# Short throw shifters: what should I get?



## tylenoljones (Jul 11, 2013)

I am looking to get a short throw shifter and I originally thought that I would go with a B&M or a Hurst, but from what I have seen by searching around, they both seem to be cheaply made. Most of the threads I have looked through said that the Billet Pro shifter was the best, but I heard that they had gone out of business since those posts were made. I figure that getting a used Billet Pro would be a bad idea because I would assume that anybody who bought one would push it to its limits till it didn't work well anymore. The only other one that I have heard decent things about is the GMM Ripshift, but I have also seen that it has its own set of problems. The only reason I am leaning toward getting the GMM right now is because I have found that people seem to have less problems with it than the Hurst or the B&M.

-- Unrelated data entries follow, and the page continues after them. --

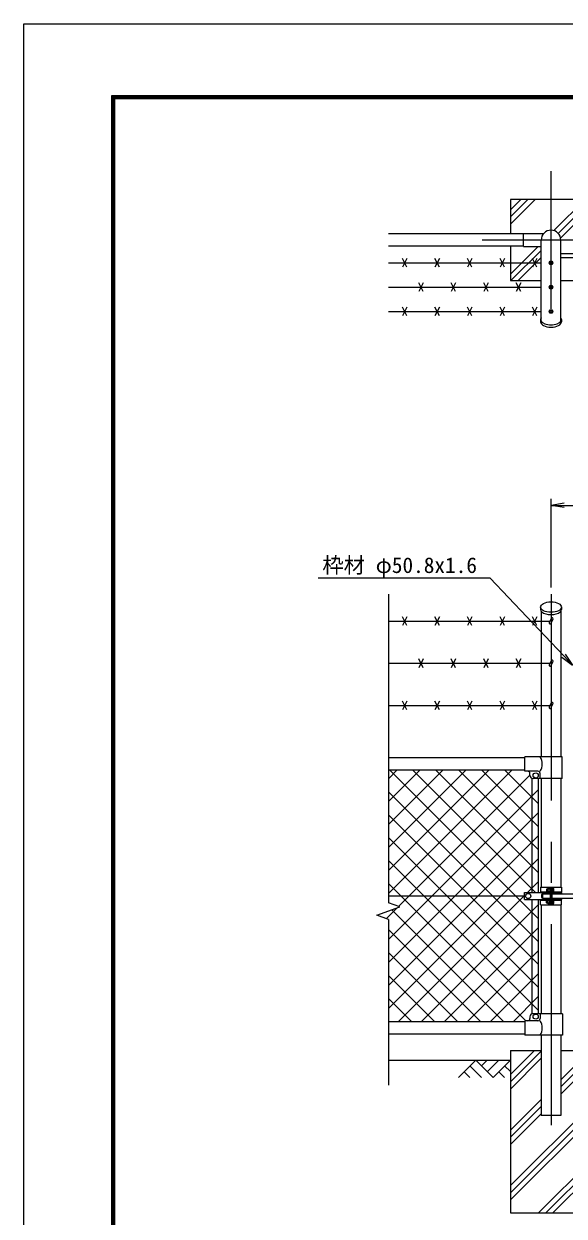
# Model space of a CAD drawing. Units: millimetres, scale not verified. Extents: x -4200 to 4200, y -2970 to 2970.
# Drawn here: x -4200 to -2539, y -699 to 2970 of the extents above; entities that cross this region are included whole.
import ezdxf
from ezdxf.enums import TextEntityAlignment as Align

# ---------------------------------------------------------------- set-up
doc = ezdxf.new("R2010")
doc.units = ezdxf.units.MM
doc.header["$LTSCALE"] = 20
doc.linetypes.add('USER1', pattern=[50.8, 31.75, -6.35, 6.35, -6.35])
for name, color, linetype, lineweight in [('0-0_D-STR-TXT', 7, 'Continuous', 9), ('0-1_D-TTL', 7, 'Continuous', 9), ('0-3_D-STR4', 7, 'Continuous', 9), ('0-4_D-BMK', 2, 'USER1', 13), ('0-5_D-STR1', 1, 'Continuous', 18), ('0-6_D-BGD', 7, 'Continuous', 9), ('0-7_D-DCR-HCH', 7, 'Continuous', 9), ('0-8_D-STR3', 3, 'Continuous', 13), ('0-9_D-STR-DIM', 7, 'Continuous', 9), ('0-A_0', 7, 'Continuous', 9), ('0-B_D-STR2', 7, 'Continuous', 9)]:
    doc.layers.add(name, color=color, linetype=linetype, lineweight=lineweight)
doc.styles.add('ＭＳ ゴシック', font='')
doc.styles.get('ＭＳ ゴシック').set_extended_font_data('MS Gothic')

# ---------------------------------------------------------------- blocks, each defined once
blk = doc.blocks.new('_Open')
at = {"layer": '0-A_0'}
blk.add_line((-20, 3.33), (0, 0), dxfattribs=at)
blk.add_lwpolyline([(-20, -3.33), (0, 0), (-20, 0)], dxfattribs=at)
blk = doc.blocks.new('MLeader9')
at = {"layer": '0-0_D-STR-TXT'}
blk.add_line((-2535.88, 1030.78), (-2513.21, 997.16), dxfattribs=at)
for points in [[(-2540.72, 1026.19), (-2766.16, 1264.11), (-3288.23, 1264.11), (-3295.43, 1264.11)], [(-2545.56, 1021.61), (-2513.21, 997.16), (-2540.72, 1026.19)]]:
    blk.add_lwpolyline(points, dxfattribs=at)

msp = doc.modelspace()

# ---------------------------------------------------------------- linework, layer by layer
at = {"layer": '0-1_D-TTL', "color": 2, "lineweight": 18}
msp.add_lwpolyline([(-4200, 2970), (4200, 2970), (4200, -2970), (-4200, -2970)], close=True, dxfattribs=at)
at = {"layer": '0-1_D-TTL'}
for points in [[(-3930, 2750), (3930, 2750), (3930, -2750), (-3930, -2750)], [(-3927.5, 2747.5), (3927.5, 2747.5), (3927.5, -2747.5), (-3927.5, -2747.5)], [(-3925, 2745), (3925, 2745), (3925, -2745), (-3925, -2745)], [(-3922.5, 2742.5), (3922.5, 2742.5), (3922.5, -2742.5), (-3922.5, -2742.5)], [(-3920, 2740), (3920, 2740), (3920, -2740), (-3920, -2740)]]:
    msp.add_lwpolyline(points, close=True, dxfattribs=at)
at = {"layer": '0-3_D-STR4'}
for p, q in [((-2704.32, 2429.85), (-2704.32, 2323.85)), ((-2704.32, -188.63), (-2704.32, -688.63)), ((-2704.32, -188.63), (-2609.57, -188.63)), ((-2549.07, -188.63), (-2454.32, -188.63)), ((-2704.32, -688.63), (-2454.32, -688.63))]:
    msp.add_line(p, q, dxfattribs=at)
for points in [[(-2454.32, 2324.55), (-2454.32, 2429.85), (-2704.32, 2429.85)], [(-2704.32, 2285.85), (-2704.32, 2179.85), (-2609.57, 2179.85)], [(-2549.07, 2179.85), (-2454.32, 2179.85), (-2454.32, 2250.65)]]:
    msp.add_lwpolyline(points, dxfattribs=at)
at = {"layer": '0-4_D-BMK'}
for p, q in [((-2579.32, 2092.72), (-2579.32, 2516.99)), ((-2367.19, 2304.85), (-2791.45, 2304.85)), ((-2579.32, 1215.52), (-2579.32, -418.63))]:
    msp.add_line(p, q, dxfattribs=at)
at = {"layer": '0-5_D-STR1'}
for p, q in [((-2664.32, 2323.85), (-3079.32, 2323.85)), ((-2664.32, 2285.85), (-3079.32, 2285.85)), ((-2609.57, 2054.48), (-2609.57, 2304.85)), ((-2549.07, 2054.48), (-2549.07, 2304.85)), ((-2611.42, 2059.85), (-2611.42, 2052.93)), ((-2547.22, 2059.85), (-2547.22, 2052.93)), ((-2611.42, 1175.37), (-2611.42, 1168.44)), ((-2547.22, 1175.37), (-2547.22, 1168.44)), ((-2609.57, 1163.07), (-2609.57, 714.37)), ((-2549.07, 1163.07), (-2549.07, 714.37)), ((-2659.32, 711.37), (-3079.32, 711.37)), ((-2659.32, 673.37), (-3079.32, 673.37)), ((-2609.57, 648.37), (-2609.57, 313.87)), ((-2549.07, 648.37), (-2549.07, 313.87)), ((-2609.57, 298.87), (-2609.57, 296.87)), ((-2549.07, 298.87), (-2549.07, 296.87)), ((-2609.57, 275.87), (-2609.57, 273.87)), ((-2609.57, 258.87), (-2609.57, -75.63)), ((-2549.07, 275.87), (-2549.07, 273.87)), ((-2549.07, 258.87), (-2549.07, -75.63)), ((-2659.32, -100.63), (-3079.32, -100.63)), ((-2659.32, -138.63), (-3079.32, -138.63)), ((-2609.57, -141.63), (-2609.57, -388.63)), ((-2549.07, -141.63), (-2549.07, -388.63)), ((-2549.07, -388.63), (-2609.57, -388.63))]:
    msp.add_line(p, q, dxfattribs=at)
msp.add_arc((-2579.32, 2304.85), 30.25, 0, 180, dxfattribs=at)
for centre, major_axis, start_param, end_param in [((-2579.32, 2059.85), (32.1, 0), 2.8004339, 6.6243441), ((-2579.32, 2052.93), (32.1, 0), 3.1415927, 6.2831853), ((-2579.32, 1168.44), (-32.1, 0), 6.2831853, 9.424778)]:
    msp.add_ellipse(centre, major_axis=major_axis, ratio=0.5, start_param=start_param, end_param=end_param, dxfattribs=at)
msp.add_ellipse((-2579.32, 1175.37), major_axis=(-32.1, 0), ratio=0.5, dxfattribs=at)
at = {"layer": '0-6_D-BGD'}
msp.add_line((-3079.32, -218.63), (-2704.32, -218.63), dxfattribs=at)
at = {"layer": '0-7_D-DCR-HCH'}
for p, q in [((-2704.32, 2353.63), (-2628.1, 2429.85)), ((-2704.32, 2375.73), (-2650.2, 2429.85)), ((-2704.32, 2397.83), (-2672.3, 2429.85)), ((-2569.65, 2334.68), (-2474.47, 2429.85)), ((-2556.2, 2326.03), (-2454.32, 2427.91)), ((-2548.68, 2311.46), (-2454.32, 2405.81)), ((-2704.32, 2200), (-2619.17, 2285.15)), ((-2702.37, 2179.85), (-2609.57, 2272.66)), ((-2680.28, 2179.85), (-2609.48, 2250.65)), ((-2618.57, 2263.65), (-2609.57, 2272.66)), ((-2810.75, -218.63), (-2863.96, -271.84)), ((-2810.75, -218.63), (-2757.53, -271.84)), ((-2793.1, -236.46), (-2775.27, -218.63)), ((-2775.27, -254.11), (-2739.8, -218.63)), ((-2757.53, -271.84), (-2704.32, -218.63)), ((-2704.32, -263.23), (-2629.72, -188.63)), ((-2704.32, -285.33), (-2609.57, -190.58)), ((-2704.32, -307.43), (-2609.57, -212.68)), ((-2549.07, -278.69), (-2459.01, -188.63)), ((-2549.07, -300.79), (-2454.32, -206.04)), ((-2846.22, -254.11), (-2828.4, -271.84)), ((-2828.48, -236.37), (-2792.85, -271.84)), ((-2739.8, -254.11), (-2721.98, -271.84)), ((-2722.06, -236.37), (-2704.32, -254.03)), ((-2549.07, -322.89), (-2454.32, -228.14)), ((-2704.32, -433.94), (-2609.57, -339.19)), ((-2704.32, -604.65), (-2454.32, -354.65)), ((-2704.32, -456.04), (-2609.57, -361.29)), ((-2704.32, -626.75), (-2454.32, -376.75)), ((-2704.32, -478.14), (-2609.57, -383.39)), ((-2704.32, -648.84), (-2454.32, -398.84)), ((-2617.6, -688.63), (-2454.32, -525.36)), ((-2595.5, -688.63), (-2454.32, -547.46)), ((-2573.4, -688.63), (-2454.32, -569.55))]:
    msp.add_line(p, q, dxfattribs=at)
at = {"layer": '0-8_D-STR3'}
for p, q in [((-2664.32, 2285.15), (-2609.57, 2285.15)), ((-3022.61, 2248.27), (-3036.03, 2221.44)), ((-3022.61, 2221.44), (-3036.03, 2248.27)), ((-2922.61, 2248.27), (-2936.03, 2221.44)), ((-2922.61, 2221.44), (-2936.03, 2248.27)), ((-2822.61, 2248.27), (-2836.03, 2221.44)), ((-2822.61, 2221.44), (-2836.03, 2248.27)), ((-2722.61, 2248.27), (-2736.03, 2221.44)), ((-2722.61, 2221.44), (-2736.03, 2248.27)), ((-2622.61, 2248.27), (-2636.03, 2221.44)), ((-2622.61, 2221.44), (-2636.03, 2248.27)), ((-2585.1, 2234.85), (-2582.21, 2239.85)), ((-2582.21, 2239.85), (-2576.44, 2239.85)), ((-2576.44, 2239.85), (-2573.55, 2234.85)), ((-2549.07, 2263.65), (-2448.72, 2263.65)), ((-2549.07, 2250.65), (-2448.72, 2250.65)), ((-3079.32, 2234.85), (-2609.57, 2234.85)), ((-2582.21, 2229.85), (-2585.1, 2234.85)), ((-2972.61, 2173.27), (-2986.03, 2146.44)), ((-2972.61, 2146.44), (-2986.03, 2173.27)), ((-2872.61, 2173.27), (-2886.03, 2146.44)), ((-2872.61, 2146.44), (-2886.03, 2173.27)), ((-2772.61, 2173.27), (-2786.03, 2146.44)), ((-2772.61, 2146.44), (-2786.03, 2173.27)), ((-2672.61, 2173.27), (-2686.03, 2146.44)), ((-2672.61, 2146.44), (-2686.03, 2173.27)), ((-2585.1, 2159.85), (-2582.21, 2164.85)), ((-2582.21, 2164.85), (-2576.44, 2164.85)), ((-2576.44, 2164.85), (-2573.55, 2159.85)), ((-3079.32, 2159.85), (-2609.57, 2159.85)), ((-2582.21, 2154.85), (-2585.1, 2159.85)), ((-3022.61, 2098.27), (-3036.03, 2071.44)), ((-3022.61, 2071.44), (-3036.03, 2098.27)), ((-2922.61, 2098.27), (-2936.03, 2071.44)), ((-2922.61, 2071.44), (-2936.03, 2098.27)), ((-2822.61, 2098.27), (-2836.03, 2071.44)), ((-2822.61, 2071.44), (-2836.03, 2098.27)), ((-2722.61, 2098.27), (-2736.03, 2071.44)), ((-2722.61, 2071.44), (-2736.03, 2098.27)), ((-2622.61, 2098.27), (-2636.03, 2071.44)), ((-2622.61, 2071.44), (-2636.03, 2098.27)), ((-3079.32, 2084.85), (-2609.57, 2084.85)), ((-2585.1, 2084.85), (-2582.21, 2089.85)), ((-2582.21, 2079.85), (-2585.1, 2084.85)), ((-2582.21, 2089.85), (-2576.44, 2089.85)), ((-2576.44, 2089.85), (-2573.55, 2084.85)), ((-3022.61, 1145.78), (-3036.03, 1118.95)), ((-3022.61, 1118.95), (-3036.03, 1145.78)), ((-2922.61, 1145.78), (-2936.03, 1118.95)), ((-2922.61, 1118.95), (-2936.03, 1145.78)), ((-2822.61, 1145.78), (-2836.03, 1118.95)), ((-2822.61, 1118.95), (-2836.03, 1145.78)), ((-2722.61, 1145.78), (-2736.03, 1118.95)), ((-2722.61, 1118.95), (-2736.03, 1145.78)), ((-2622.61, 1145.78), (-2636.03, 1118.95)), ((-2622.61, 1118.95), (-2636.03, 1145.78)), ((-2578.89, 1140.4), (-2584.84, 1127.64)), ((-2573.45, 1137.86), (-2579.4, 1125.1)), ((-3079.32, 1132.37), (-2582.63, 1132.37)), ((-3079.32, 1002.37), (-2582.63, 1002.37)), ((-2972.61, 1015.78), (-2986.03, 988.95)), ((-2972.61, 988.95), (-2986.03, 1015.78)), ((-2872.61, 1015.78), (-2886.03, 988.95)), ((-2872.61, 988.95), (-2886.03, 1015.78)), ((-2772.61, 1015.78), (-2786.03, 988.95)), ((-2772.61, 988.95), (-2786.03, 1015.78)), ((-2672.61, 1015.78), (-2686.03, 988.95)), ((-2672.61, 988.95), (-2686.03, 1015.78)), ((-2578.89, 1010.4), (-2584.84, 997.64)), ((-2573.45, 1007.86), (-2579.4, 995.1)), ((-3022.61, 885.78), (-3036.03, 858.95)), ((-3022.61, 858.95), (-3036.03, 885.78)), ((-2922.61, 885.78), (-2936.03, 858.95)), ((-2922.61, 858.95), (-2936.03, 885.78)), ((-2822.61, 885.78), (-2836.03, 858.95)), ((-2822.61, 858.95), (-2836.03, 885.78)), ((-2722.61, 885.78), (-2736.03, 858.95)), ((-2722.61, 858.95), (-2736.03, 885.78)), ((-2622.61, 885.78), (-2636.03, 858.95)), ((-2622.61, 858.95), (-2636.03, 885.78)), ((-3079.32, 872.37), (-2582.63, 872.37)), ((-2578.89, 880.4), (-2584.84, 867.64)), ((-2573.45, 877.86), (-2579.4, 865.1)), ((-2544.62, 714.37), (-2659.32, 714.37)), ((-2659.32, 670.37), (-2659.32, 714.37)), ((-2544.62, 648.37), (-2544.62, 714.37)), ((-2619.72, 670.37), (-2659.32, 670.37)), ((-2644.32, 658.37), (-2644.32, 663.37)), ((-2612.72, 648.37), (-2612.72, 663.37)), ((-2637.82, 649), (-2637.82, 296.87)), ((-2544.62, 648.37), (-2634.32, 648.37)), ((-2618.82, 648.37), (-2618.82, 296.87)), ((-2661.32, 275.87), (-2661.32, 296.87)), ((-2661.32, 296.87), (-2588.43, 296.87)), ((-2611.87, 313.87), (-2546.77, 313.87)), ((-2611.87, 313.87), (-2611.87, 298.87)), ((-2611.87, 298.87), (-2588.72, 298.87)), ((-2593.02, 307.19), (-2592.34, 307.87)), ((-2593.02, 307.19), (-2593.02, 300.54)), ((-2588.72, 307.19), (-2593.02, 307.19)), ((-2593.02, 300.54), (-2592.34, 299.87)), ((-2588.72, 300.54), (-2593.02, 300.54)), ((-2588.72, 307.87), (-2592.34, 307.87)), ((-2592.34, 307.87), (-2592.34, 299.87)), ((-2588.72, 299.87), (-2592.34, 299.87)), ((-2588.72, 309.69), (-2588.72, 298.09)), ((-2583.22, 311.37), (-2588.12, 311.37)), ((-2583.22, 307.87), (-2588.12, 307.87)), ((-2583.22, 299.87), (-2588.12, 299.87)), ((-2583.22, 296.37), (-2588.12, 296.37)), ((-2581.62, 312.37), (-2583.22, 312.37)), ((-2583.22, 312.37), (-2583.22, 295.37)), ((-2581.62, 295.37), (-2583.22, 295.37)), ((-2581.62, 313.87), (-2581.62, 258.87)), ((-2579.32, 313.87), (-2579.32, 258.87)), ((-2577.02, 313.87), (-2577.02, 258.87)), ((-2577.02, 312.77), (-2577.02, 294.97)), ((-2577.02, 311.37), (-2572.12, 311.37)), ((-2577.02, 307.87), (-2572.12, 307.87)), ((-2577.02, 299.87), (-2572.12, 299.87)), ((-2577.02, 296.37), (-2572.12, 296.37)), ((-2571.81, 296.87), (-2546.52, 296.87)), ((-2571.52, 309.69), (-2571.52, 298.09)), ((-2571.52, 298.87), (-2546.77, 298.87)), ((-2546.77, 313.87), (-2546.77, 298.87)), ((-2546.52, 292.87), (-2546.52, 296.87)), ((-2661.32, 286.37), (-3079.32, 286.37)), ((-2661.32, 275.87), (-2588.43, 275.87)), ((-2637.82, 275.87), (-2637.82, -76.27)), ((-2618.82, 275.87), (-2618.82, -75.63)), ((-2611.87, 273.87), (-2588.72, 273.87)), ((-2611.87, 258.87), (-2611.87, 273.87)), ((-2611.87, 258.87), (-2546.77, 258.87)), ((-2608.67, 289.87), (-2608.67, 282.87)), ((-2608.67, 289.87), (-2608.67, 282.87)), ((-2605.67, 292.87), (-2581.62, 292.87)), ((-2605.67, 292.87), (-2605.67, 279.87)), ((-2605.67, 279.87), (-2581.62, 279.87)), ((-2593.02, 272.19), (-2592.34, 272.87)), ((-2588.72, 272.19), (-2593.02, 272.19)), ((-2593.02, 265.54), (-2593.02, 272.19)), ((-2588.72, 265.54), (-2593.02, 265.54)), ((-2593.02, 265.54), (-2592.34, 264.87)), ((-2592.34, 264.87), (-2592.34, 272.87)), ((-2588.72, 272.87), (-2592.34, 272.87)), ((-2588.72, 264.87), (-2592.34, 264.87)), ((-2588.72, 263.05), (-2588.72, 274.65)), ((-2583.22, 276.37), (-2588.12, 276.37)), ((-2583.22, 272.87), (-2588.12, 272.87)), ((-2583.22, 264.87), (-2588.12, 264.87)), ((-2583.22, 261.37), (-2588.12, 261.37)), ((-2583.22, 260.37), (-2583.22, 277.37)), ((-2581.62, 277.37), (-2583.22, 277.37)), ((-2581.62, 260.37), (-2583.22, 260.37)), ((-2577.02, 292.87), (-2448.67, 292.87)), ((-2577.02, 279.87), (-2448.67, 279.87)), ((-2577.02, 276.37), (-2572.12, 276.37)), ((-2577.02, 272.87), (-2572.12, 272.87)), ((-2577.02, 264.87), (-2572.12, 264.87)), ((-2577.02, 261.37), (-2572.12, 261.37)), ((-2571.81, 275.87), (-2546.52, 275.87)), ((-2571.62, 273.87), (-2546.77, 273.87)), ((-2571.52, 274.69), (-2571.52, 263.09)), ((-2546.77, 258.87), (-2546.77, 273.87)), ((-2546.52, 275.87), (-2546.52, 279.87)), ((-2619.72, -97.63), (-2659.32, -97.63)), ((-2659.32, -97.63), (-2659.32, -141.63)), ((-2644.32, -85.63), (-2644.32, -90.63)), ((-2543.62, -75.63), (-2634.32, -75.63)), ((-2612.72, -75.63), (-2612.72, -90.63)), ((-2543.62, -75.63), (-2543.62, -141.63)), ((-2543.62, -141.63), (-2659.32, -141.63))]:
    msp.add_line(p, q, dxfattribs=at)
for points in [[(-2664.32, 2285.15), (-2664.32, 2324.55), (-2602.28, 2324.55)], [(-2573.55, 2234.85), (-2576.44, 2229.85), (-2582.21, 2229.85)], [(-2573.55, 2159.85), (-2576.44, 2154.85), (-2582.21, 2154.85)], [(-2573.55, 2084.85), (-2576.44, 2079.85), (-2582.21, 2079.85)]]:
    msp.add_lwpolyline(points, dxfattribs=at)
for centre, radius in [((-2579.32, 2234.85), 4.9), ((-2579.32, 2234.85), 3), ((-2579.32, 2159.85), 4.9), ((-2579.32, 2159.85), 3), ((-2579.32, 2084.85), 4.9), ((-2579.32, 2084.85), 3), ((-2626.32, 657.37), 8), ((-2649.32, 286.37), 8), ((-2626.32, -84.63), 8)]:
    msp.add_circle(centre, radius, dxfattribs=at)
for centre, radius, start, end in [((-2576.17, 1139.13), 3, 334.99524, 154.99707), ((-2582.12, 1126.37), 3, 154.99707, 334.99524), ((-2582.12, 996.37), 3, 154.99707, 334.99524), ((-2576.17, 1009.13), 3, 334.99524, 154.99707), ((-2576.17, 879.13), 3, 334.99524, 154.99707), ((-2582.12, 866.37), 3, 154.99707, 334.99524), ((-2646.94, 692.37), 40.68, 327.25964, 32.74036), ((-2651.32, 663.37), 7, 0, 90), ((-2619.72, 663.37), 7, 0, 90), ((-2634.32, 658.37), 10, 180, 270), ((-2585.87, 309.62), 2.85, 142.09851, 217.90149), ((-2575.09, 303.87), 13.63, 162.93847, 197.06153), ((-2585.87, 298.12), 2.85, 142.14171, 217.85829), ((-2585.16, 303.87), 13.63, 342.93847, 17.06153), ((-2574.37, 309.62), 2.85, 322.09851, 37.90149), ((-2574.37, 298.12), 2.85, 322.14171, 37.85829), ((-2605.67, 289.87), 3, 90, 180), ((-2605.67, 282.87), 3, 180, 270), ((-2585.87, 274.62), 2.85, 142.14171, 217.85829), ((-2575.09, 268.87), 13.63, 162.93847, 197.06153), ((-2585.87, 263.12), 2.85, 142.09851, 217.90149), ((-2585.16, 268.87), 13.63, 342.93847, 17.06153), ((-2574.37, 274.62), 2.85, 322.09851, 37.90149), ((-2574.37, 263.12), 2.85, 322.14171, 37.85829), ((-2651.32, -90.63), 7, 270, 0), ((-2634.32, -85.63), 10, 90, 180), ((-2619.72, -90.63), 7, 270, 0), ((-2646.94, -119.63), 40.68, 327.25964, 32.74036)]:
    msp.add_arc(centre, radius, start, end, dxfattribs=at)
at = {"layer": '0-9_D-STR-DIM'}
for p, q in [((-2579.32, 1235.52), (-2579.32, 1508.03)), ((-2539.32, 1488.03), (-1584.32, 1488.03)), ((-3079.32, 1215.52), (-3079.32, 265.59)), ((-3044.08, 252.77), (-3079.32, 265.59)), ((-3114.56, 227.12), (-3044.08, 252.77)), ((-3079.32, 214.29), (-3114.56, 227.12)), ((-3079.32, 214.29), (-3079.32, -295.94))]:
    msp.add_line(p, q, dxfattribs=at)
at = {"layer": '0-B_D-STR2'}
for p, q in [((-3079.32, 293.91), (-2699.87, 673.37)), ((-3079.32, 364.62), (-2770.58, 673.37)), ((-3079.32, 435.34), (-2841.29, 673.37)), ((-3079.32, 506.05), (-2912, 673.37)), ((-3079.32, 576.76), (-2982.71, 673.37)), ((-3079.32, 647.47), (-3053.42, 673.37)), ((-2618.82, 217.64), (-3074.55, 673.37)), ((-2627.34, 296.87), (-3003.84, 673.37)), ((-2618.82, 359.06), (-2933.13, 673.37)), ((-2618.82, 429.77), (-2862.42, 673.37)), ((-2618.82, 500.48), (-2791.71, 673.37)), ((-2618.82, 571.19), (-2721, 673.37)), ((-3048.24, 254.28), (-2644.32, 658.2)), ((-3079.32, 152.49), (-2618.82, 612.99)), ((-2618.82, 146.93), (-3079.32, 607.43)), ((-3079.32, 81.78), (-2618.82, 542.28)), ((-2618.82, 76.21), (-3079.32, 536.71)), ((-3079.32, 11.07), (-2618.82, 471.57)), ((-2618.82, 5.5), (-3079.32, 466)), ((-3079.32, -59.64), (-2618.82, 400.86)), ((-2618.82, -65.21), (-3079.32, 395.29)), ((-2657.11, -97.63), (-3079.32, 324.58)), ((-2652.11, 296.87), (-2618.82, 330.15)), ((-3049.6, -100.63), (-2661.32, 287.65)), ((-2978.89, -100.63), (-2618.82, 259.44)), ((-3085.86, 216.67), (-3053.01, 249.52)), ((-2724.82, -100.63), (-3069.11, 243.66)), ((-2908.18, -100.63), (-2618.82, 188.73)), ((-2795.53, -100.63), (-3079.32, 183.16)), ((-2866.24, -100.63), (-3079.32, 112.45)), ((-2837.47, -100.63), (-2618.82, 118.02)), ((-2936.95, -100.63), (-3079.32, 41.74)), ((-2766.76, -100.63), (-2618.82, 47.31)), ((-3007.66, -100.63), (-3079.32, -28.97)), ((-2696.05, -100.63), (-2619.35, -23.93))]:
    msp.add_line(p, q, dxfattribs=at)

# ---------------------------------------------------------------- block references
at = {"layer": '0-0_D-STR-TXT'}
msp.add_blockref('MLeader9', (0, 0), dxfattribs=at)
at = {"layer": '0-9_D-STR-DIM', "xscale": 2, "yscale": 2, "rotation": 180}
msp.add_blockref('_Open', (-2579.32, 1488.03), dxfattribs=at)

# ---------------------------------------------------------------- texts
at = {"layer": '0-0_D-STR-TXT', "style": 'ＭＳ ゴシック'}
msp.add_text('枠材 φ50.8x1.6', height=48.09, dxfattribs=at).set_placement((-3282.29, 1265.88), align=Align.BOTTOM_LEFT)

doc.saveas('drawing.dxf')

Anyway, I am completely lost with this, so I would appreciate any suggestions!


----------



## GotTogO (Jul 25, 2013)

I have a GMM race in my 04. never had a problem.


----------



## 68OldGoat (Nov 23, 2009)

The two choices that get the best reviews are the MGW-P Shifter from Proxses Tuning($335.00) or the GMM RipShift (street version) from Haddad Motorsports($477.00). The MGW-P is quite a bit cheaper so it would be the best bang for the buck IMO.


----------



## tylenoljones (Jul 11, 2013)

Based on how the race version looks, I was thinking the GMM would be the best quality. does anybody know the approximate throw reduction for the Ripshift?


----------



## OhioLS2 (Jun 10, 2013)

GMM...

yup


----------



## 68OldGoat (Nov 23, 2009)

Here is a good thread on this forum from earlier this year. It is a review with comments from a person that just installed a MGW-P. 
! http://www.gtoforum.com/f39/mgw-p-short-shift-review-40094/ 

You might want to hit the "search" tab above on the menu bar and search for "shifters" for more opinions than this thread might get! 
Added note....GMM is Aussie built and MGW is USA built....Just say'n!
:cheers


----------



## TEXASTORPEDO (Sep 11, 2013)

*Hurst*

I have been looking at a hurst shifter. Its only $277 on ebay.


----------



## svede1212 (Nov 1, 2005)

MGW, Billet or GMM. I believe you can get a Pro 5 that works too. I'd stay away from Hurst or B&M.

There are several things to consider. First would be reliability. The second is the physics of a shorter throw gives less leverage to shift the shorter you go. There's a limit to what's the best length depending on how easy you want it to be and your transmission.

The Billet is the only good one that uses linkage like the stock shifter. The GMM, MGW and Pro 5 all are direct connect shifters and any reports of "notchiness" of the gates have nothing to do with the shifter as they all are just freely pivoting balls and the gates are in the transmission.


----------



## svede1212 (Nov 1, 2005)

I knew I had some pictures of my GMM Race. The yard stick is fixed on one end to the radio so the throw from 3nd to 4th is 4".


----------